Whenever I have the opportunity to visit an art museum I haven’t seen before I generally head to the Impressionists.  The National Gallery is a really serious museum with a wonderful collection of art that spans many, if not all of the major periods of art.  This is a real contrast to the art museums of say Italy, which can be enormous but only house one or two types of paintings, primarily of course Renaissance works.

The thing that I love about Impressionism is that it broke from the idea that art had to be a literal translation or reflection of its subject.   This was partly due to the advent of photography so that artists were no longer solely responsible for recording or recapping events in history in a documentary fashion.  This was good news for, well the art of art.

The thing that was important to the Impressionists was indeed the “impression” left by a particular scene.  They saw the beauty in the everyday, in the way light and color (as they liberally interpreted it) played on a particular subject and left a particular subject.  For this reason Impressionists frequently worked outdoors and finished works all in one sitting, something previously unheard of.

Early Impressionist painters were radicals in their time, breaking many of the rules of picture-making that had been set by earlier generations. Up until the Impressionists, history had been the accepted source of subject matter for paintings, but Impressionists looked instead to the many subjects in life around them. In doing so, they rejected attempts to portray ideal beauty, and instead sought the natural beauty of their surroundings at a given moment.
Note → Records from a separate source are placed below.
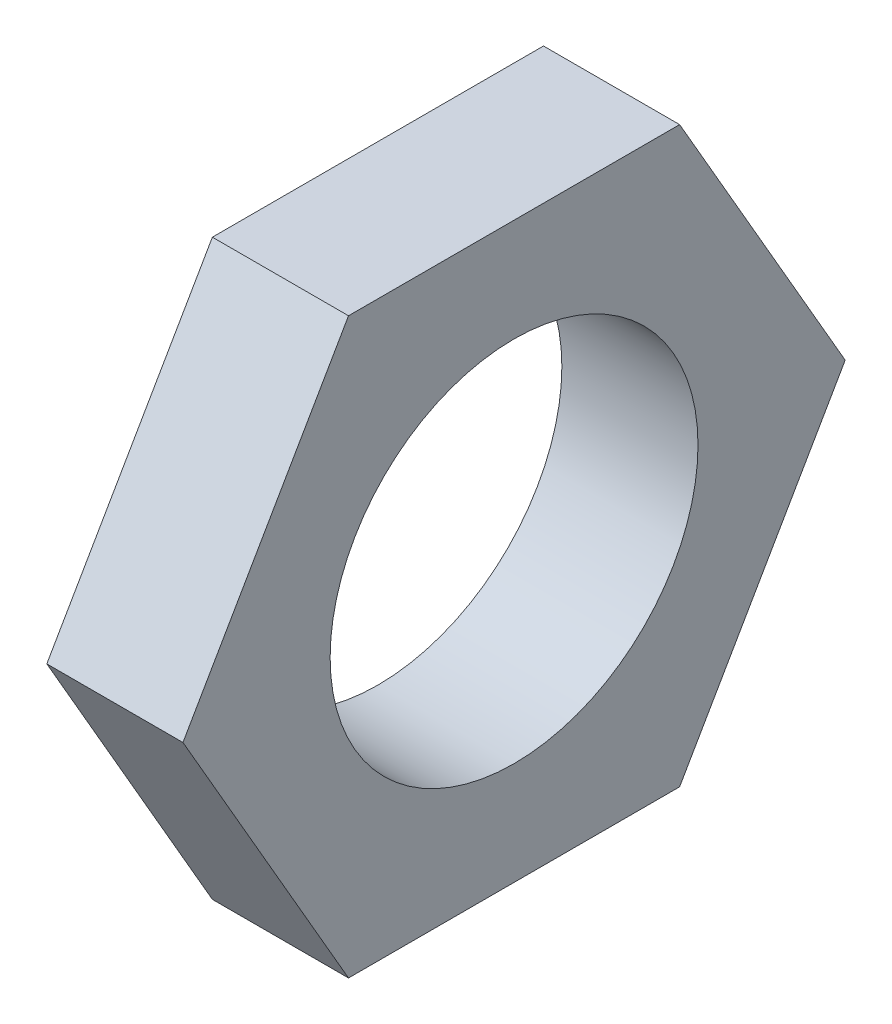
SolidWorks part; units mm, degrees
ref_plane "Front Plane" through (0, 0, 0) normal (0, 0, 1) x (1, 0, 0)
ref_plane "Top Plane" through (0, 0, 0) normal (0, 1, 0) x (1, 0, 0)
ref_plane "Right Plane" through (0, 0, 0) normal (1, 0, 0) x (0, 0, -1)
sketch "Sketch1" plane through (0, 0, 0) normal (1, 0, 0) x (0, 0, -1)
  line L1 (5.7158, 0) -> (2.8579, 4.95)
  line L2 (2.8579, 4.95) -> (-2.8579, 4.95)
  line L3 (-2.8579, 4.95) -> (-5.7158, 0)
  line L4 (-5.7158, 0) -> (-2.8579, -4.95)
  line L5 (-2.8579, -4.95) -> (2.8579, -4.95)
  line L6 (2.8579, -4.95) -> (5.7158, 0)
  circle A0 centre (0, 0) radius 4.95 construction
  circle A1 centre (0, 0) radius 3.175
  dimension "D2" = 6.35
  dimension "D1" = 9.9
extrude "Boss-Extrude1" add sketch "Sketch1" along normal blind 2.35
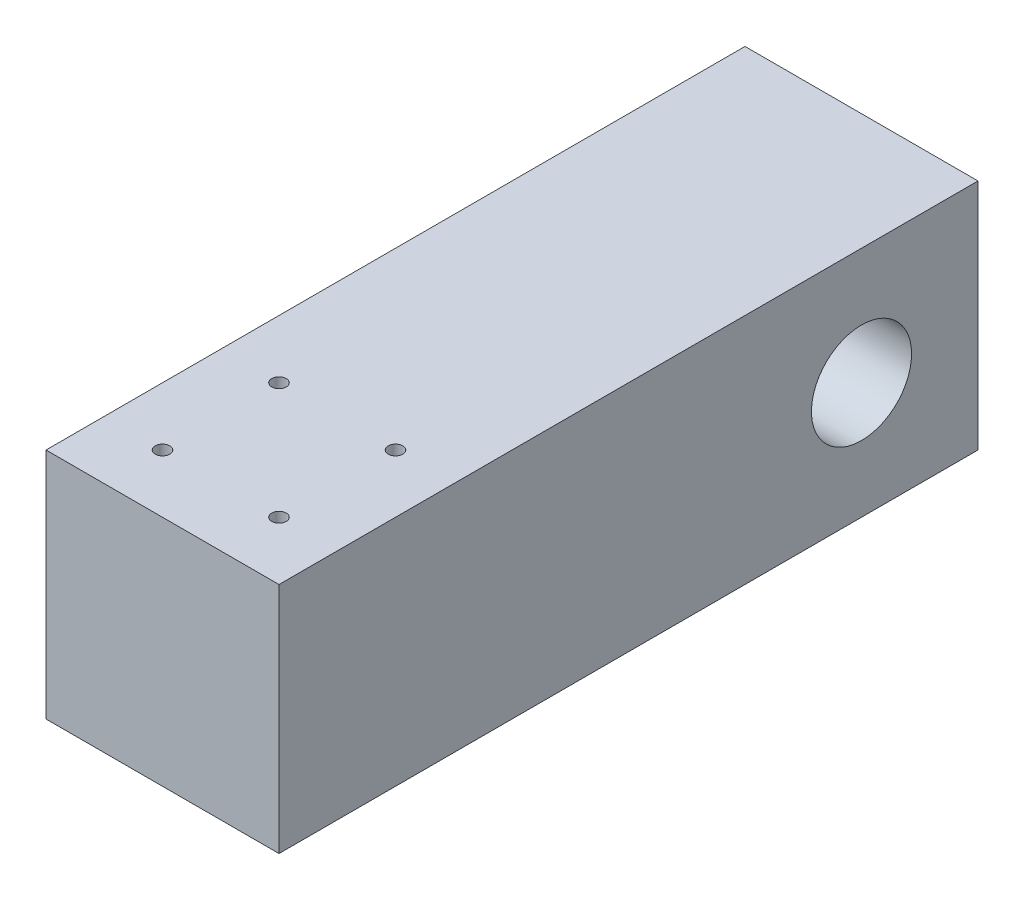
SolidWorks part; units mm, degrees
material "Pine"
ref_plane "Front Plane" through (0, 0, 0) normal (0, 0, 1) x (1, 0, 0)
ref_plane "Top Plane" through (0, 0, 0) normal (0, 1, 0) x (1, 0, 0)
ref_plane "Right Plane" through (0, 0, 0) normal (1, 0, 0) x (0, 0, -1)
sketch "Sketch1" plane through (0, 0, 0) normal (1, 0, 0) x (0, 0, -1)
  line L1 (0, 0) -> (152.4, 0)
  line L2 (0, 0) -> (0, 50.8)
  line L3 (0, 50.8) -> (152.4, 50.8)
  line L4 (152.4, 0) -> (152.4, 50.8)
  dimension "D1" = 50.8
  dimension "D2" = 152.4
extrude "Boss-Extrude1" add sketch "Sketch1" along normal blind 50.8
sketch "Sketch2" plane through (50.8, 0, 0) normal (1, 0, 0) x (0, 0, -1)
  line L0 (152.4, 0) -> (152.4, 50.8) construction
  line L1 (152.4, 50.8) -> (0, 50.8) construction
  circle A0 centre (127, 25.4) radius 10.9141
  dimension "D1" = 21.8281
  dimension "D2" = 25.4
  dimension "D3" = 25.4
extrude "Cut-Extrude1" cut sketch "Sketch2" against normal through all
sketch "Sketch3" plane through (0, 50.8, 0) normal (0, 1, 0) x (1, 0, 0)
  line L0 (0, 152.4) -> (0, 0) construction
  line L1 (50.8, 152.4) -> (50.8, 0) construction
  line L2 (50.8, 0) -> (0, 0) construction
  circle A0 centre (12.7, 38.1) radius 1.5875
  circle A1 centre (38.1, 38.1) radius 1.5875
  circle A2 centre (12.7, 12.7) radius 1.5875
  circle A3 centre (38.1, 12.7) radius 1.5875
  dimension "D1" = 3.175
  dimension "D2" = 12.7
  dimension "D4" = 12.7
  dimension "D5" = 12.7
  dimension "D6" = 12.7
  dimension "D7" = 12.7
  dimension "D8" = 25.4
  dimension "D9" = 25.4
  dimension "D3" = 12.7
extrude "Cut-Extrude2" cut sketch "Sketch3" against normal through all
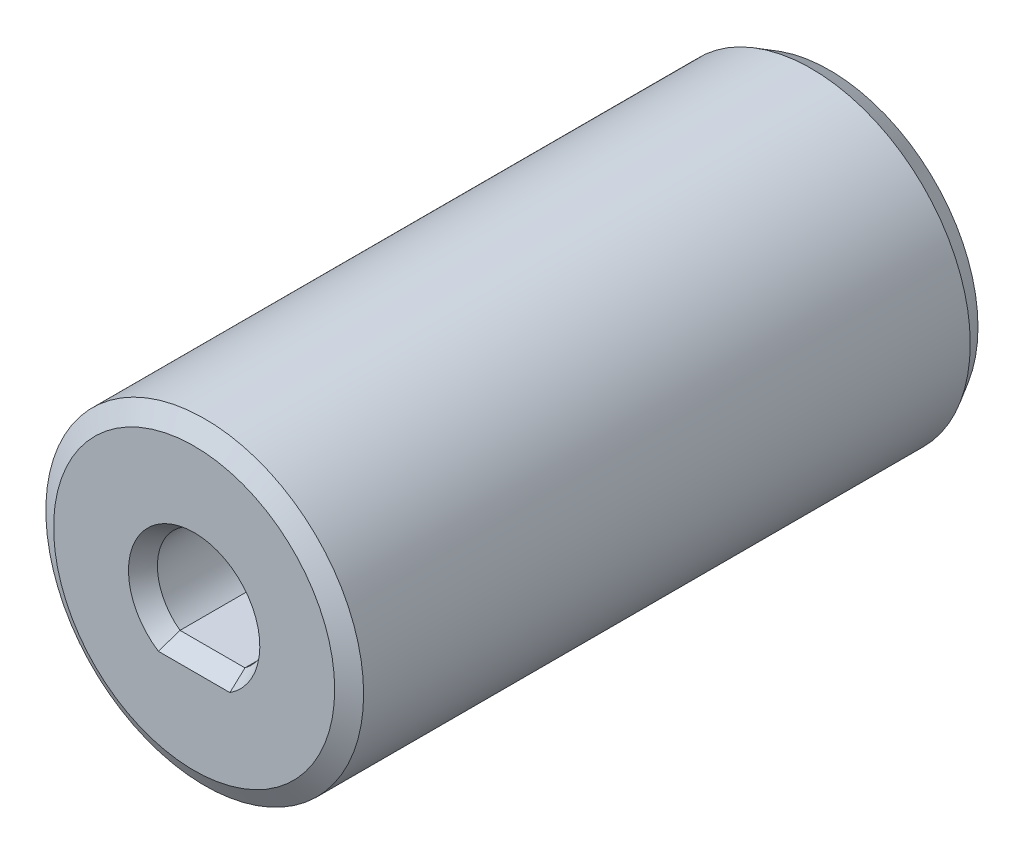
SolidWorks part; units mm, degrees
ref_plane "Top Plane" through (0, 0, 0) normal (0, 0, 1) x (1, 0, 0)
ref_plane "Front Plane" through (0, 0, 0) normal (0, 1, 0) x (1, 0, 0)
ref_plane "Right Plane" through (0, 0, 0) normal (1, 0, 0) x (0, 0, -1)
sketch "OD Profile Sketch" plane through (0, 0, 0) normal (0, 0, 1) x (1, 0, 0)
  circle A0 centre (0, 0) radius 7.5
  dimension "D1" = 15
extrude "OD Boss-Extrude" add sketch "OD Profile Sketch" along normal blind 30
sketch "Wheel Shaft Profile Sketch" plane through (0, 0, 0) normal (0, 0, 1) x (1, 0, 0)
  line L0 (1.9672, -1.7) -> (-1.9672, -1.7)
  line L1 (1.9672, 1.7) -> (-1.9672, 1.7)
  line L2 (0, -1.7) -> (0, 1.7) construction
  arc A0 (1.9672, -1.7) -> (1.9672, 1.7) centre (0, 0) ccw
  arc A1 (-1.9672, 1.7) -> (-1.9672, -1.7) centre (0, 0) ccw
  circle A2 centre (0, 0) radius 4.95
  point P9 (0, 0)
  dimension "D1" = 5.2
  dimension "D3" = 9.9
  dimension "D2" = 3.4
extrude "Wheel Shaft Cut-Extrude" cut sketch "Wheel Shaft Profile Sketch" along normal blind 10
sketch "NEMA17 Shaft Profile Sketch" plane through (0, 0, 30) normal (0, 0, 1) x (1, 0, 0)
  line L0 (-1.533, -2.1) -> (1.533, -2.1)
  arc A0 (1.533, -2.1) -> (-1.533, -2.1) centre (0, 0) ccw
  dimension "D1" = 4.7
  dimension "D2" = 5.2
extrude "NEMA17 Shaft Cut-Extrude" cut sketch "NEMA17 Shaft Profile Sketch" against normal blind 10
ref_plane "Tangent Plane" through (0, -7.5, 0) normal (0, -1, 0) x (-1, 0, 0)
hole_wizard "Tap Drill for M3x0.5" positions "Tap Drill for M3x0.5 Location Sketch" profile "Tap Drill for M3x0.5 Profile Sketch" hole size "M3x0.5" standard "ANSI Metric" end condition up to next
sketch "Tap Drill for M3x0.5 Location Sketch" plane through (0, -7.5, 0) normal (0, -1, 0) x (-1, 0, 0)
  line L1 (0, -5) -> (0, 0) construction
  line L3 (0, -5) -> (0, -25) construction
  point P0 (0, -25)
  point P2 (0, -5)
  dimension "D1" = 5
  dimension "D2" = 20
sketch "Tap Drill for M3x0.5 Profile Sketch" plane through (0, -7.5, 25) normal (1, 0, 0) x (0, 0, -1)
  line L0 (0, 0) -> (0, 5.4)
  line L1 (0, 5.4) -> (1.2, 5.4)
  line L2 (1.2, 5.4) -> (1.2, 0)
  line L5 (1.2, 0) -> (0, 0)
  line L11 (0, -6.35) -> (0, 107.95) construction
  dimension "Thru Hole Dia." = 2.4
  dimension "Thru Hole Depth" = 5.4
chamfer "Edge Chamfer (1mm x 60)" distance 0.5 angle 60 9 edges at (-2.6, 0, 0) (0, -1.7, 0) (2.6, 0, 0) (0, 1.7, 0) (4.95, 0, 0) (0, -2.1, 30) (0, 2.6, 30) (7.5, 0, 30) (7.5, 0, 0)
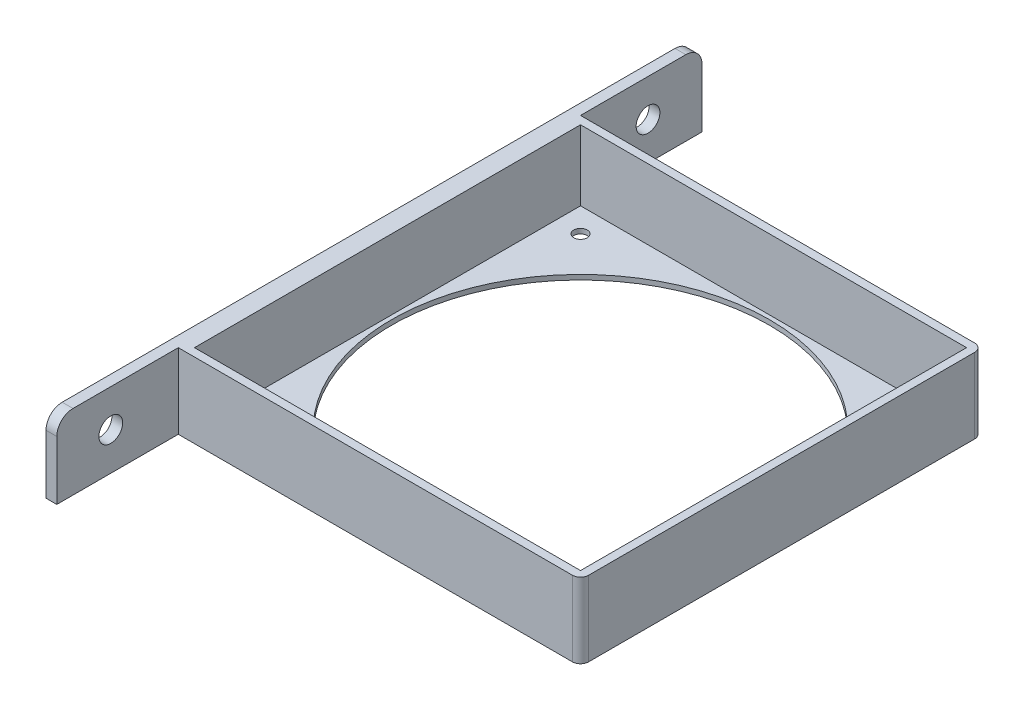
SolidWorks part; units mm, degrees
ref_plane "Front Plane" through (0, 0, 0) normal (0, 0, 1) x (1, 0, 0)
ref_plane "Top Plane" through (0, 0, 0) normal (0, 1, 0) x (1, 0, 0)
ref_plane "Right Plane" through (0, 0, 0) normal (1, 0, 0) x (0, 0, -1)
sketch "Sketch1" plane through (0, 0, 0) normal (0, 1, 0) x (1, 0, 0)
  line L0 (-71.5, 71.5) -> (71.5, 71.5)
  line L4 (74.5, 71.5) -> (74.5, -71.5)
  line L5 (-74.5, 74.5) -> (74.5, -74.5) construction
  line L6 (-74.5, -74.5) -> (74.5, 74.5) construction
  line L7 (71.5, 71.5) -> (71.5, -71.5)
  line L8 (-71.5, -71.5) -> (71.5, -71.5)
  line L9 (-71.5, 71.5) -> (-71.5, -71.5)
  line L10 (71.5, -74.5) -> (-74.5, -74.5)
  line L11 (-74.5, -74.5) -> (-74.5, 74.5)
  line L12 (-74.5, 74.5) -> (71.5, 74.5)
  line L14 (-71.5, -74.5) -> (71.5, -74.5) construction
  line L15 (-74.5, 71.5) -> (-74.5, -71.5) construction
  line L16 (-71.5, 74.5) -> (71.5, 74.5) construction
  arc A1 (71.5, -74.5) -> (74.5, -71.5) centre (71.5, -71.5) ccw
  arc A2 (74.5, 71.5) -> (71.5, 74.5) centre (71.5, 71.5) ccw
  arc A4 (71.5, 71.5) -> (71.5, 71.5) centre (71.5, 71.5) ccw
  arc A5 (71.5, -71.5) -> (71.5, -71.5) centre (71.5, -71.5) ccw
  arc A6 (-71.5, -71.5) -> (-71.5, -71.5) centre (-71.5, -71.5) cw
  arc A7 (-71.5, 71.5) -> (-71.5, 71.5) centre (-71.5, 71.5) ccw
  arc A8 (-71.5, 74.5) -> (-74.5, 71.5) centre (-71.5, 71.5) ccw construction
  arc A9 (-71.5, -74.5) -> (-74.5, -71.5) centre (-71.5, -71.5) cw construction
  point P0 (0, 0)
  dimension "D1" = 149
  dimension "D2" = 149
  dimension "D4" = 3
extrude "Boss-Extrude1" add sketch "Sketch1" along normal blind 26
sketch "Sketch2" plane through (0, 0, 0) normal (0, -1, 0) x (1, 0, 0)
  line L0 (0, 74.5) -> (0, -74.5) construction
  line L4 (74.5, -71.5) -> (74.5, 71.5)
  line L5 (-74.5, -74.5) -> (74.5, 74.5) construction
  line L6 (-74.5, 74.5) -> (74.5, -74.5) construction
  line L7 (-74.5, 0) -> (74.5, 0) construction
  line L8 (71.5, 74.5) -> (-74.5, 74.5)
  line L9 (-74.5, 74.5) -> (-74.5, -74.5)
  line L10 (-74.5, -74.5) -> (71.5, -74.5)
  arc A1 (71.5, -74.5) -> (74.5, -71.5) centre (71.5, -71.5) ccw
  arc A2 (74.5, 71.5) -> (71.5, 74.5) centre (71.5, 71.5) ccw
  circle A4 centre (0, 0) radius 70
  circle A5 centre (-62.5, 62.5) radius 2.5
  circle A6 centre (62.5, 62.5) radius 2.5
  circle A7 centre (62.5, -62.5) radius 2.5
  circle A8 centre (-62.5, -62.5) radius 2.5
  point P0 (0, 0)
  point P35 (0, 0)
  dimension "D2" = 62.5
  dimension "D3" = 62.5
  dimension "D4" = 4
extrude "Boss-Extrude2" add sketch "Sketch2" along normal blind 1.8
sketch "Sketch3" plane through (-74.5, 0, 0) normal (-1, 0, 0) x (0, 0, 1)
  line L0 (74.5, 26) -> (74.5, -1.8) construction
  line L1 (-113.5, 26) -> (113.5, 26)
  line L2 (-119.5, 20) -> (-119.5, -1.8)
  line L3 (-119.5, -1.8) -> (119.5, -1.8)
  line L4 (119.5, 20) -> (119.5, -1.8)
  line L5 (-119.5, 26) -> (119.5, -1.8) construction
  line L6 (-119.5, -1.8) -> (119.5, 26) construction
  arc A0 (-113.5, 26) -> (-119.5, 20) centre (-113.5, 20) ccw
  arc A1 (113.5, 26) -> (119.5, 20) centre (113.5, 20) cw
  circle A2 centre (-99.5, 12.2) radius 4.4
  circle A3 centre (99.5, 12.2) radius 4.4
  point P0 (0, 12.1)
  dimension "D3" = 6
  dimension "D4" = 6
  dimension "D5" = 20
  dimension "D1" = 239
  dimension "D2" = 45
  dimension "D6" = 14
  dimension "D7" = 20
  dimension "D8" = 14
extrude "Boss-Extrude4" add sketch "Sketch3" along normal blind 4

They captured a fresh and original vision that often seemed strange and unfinished to the general public but in doing so they not only, in my opinion, created some of the most beautiful works of art, they enunciated a philosophy of beauty and art that I whole-heartedly embrace.

There’s a healthy collection of Impressionism at the National Gallery, Van Gogh, Monet, Cezanne, Gauguin, Mary Cassat, to name a few.  One of my favorites is there, it’s the attached Manet entitled “The Railroad”.  The thing I love about it is that it sort of summarizes the Impressionist philosophy.  The particular image, a woman and her daughter waiting for a train, is of no particular importance and no particular “beauty” even.  But to the eye of an impressionist, it makes a beautiful impression of color, light and even character.

railroad

I think there’s real value to thinking like an Impressionist; in seeing the beauty of the mundane, the beauty of the impression for the impression itself, or the fact that the beauty of the impression is confined to a select few.  It’s the impressionist that would say that there is beauty all around us if we simply open up to see it, relieve ourselves of the definitions of beauty or significance and recognize that its impression is all around us.

A young girl gazes out the window of a restaurant, in the eyes of one beholder a reddish glow encircles her silken hair, her lambent skin exudes a pristine light, her eyes sparkle in a color unknown to even all nature, and the moment, the impression is alive to his eyes and his heart.  The moment with his daughter is of no historical significance but the Impressionist sees it as the art it is.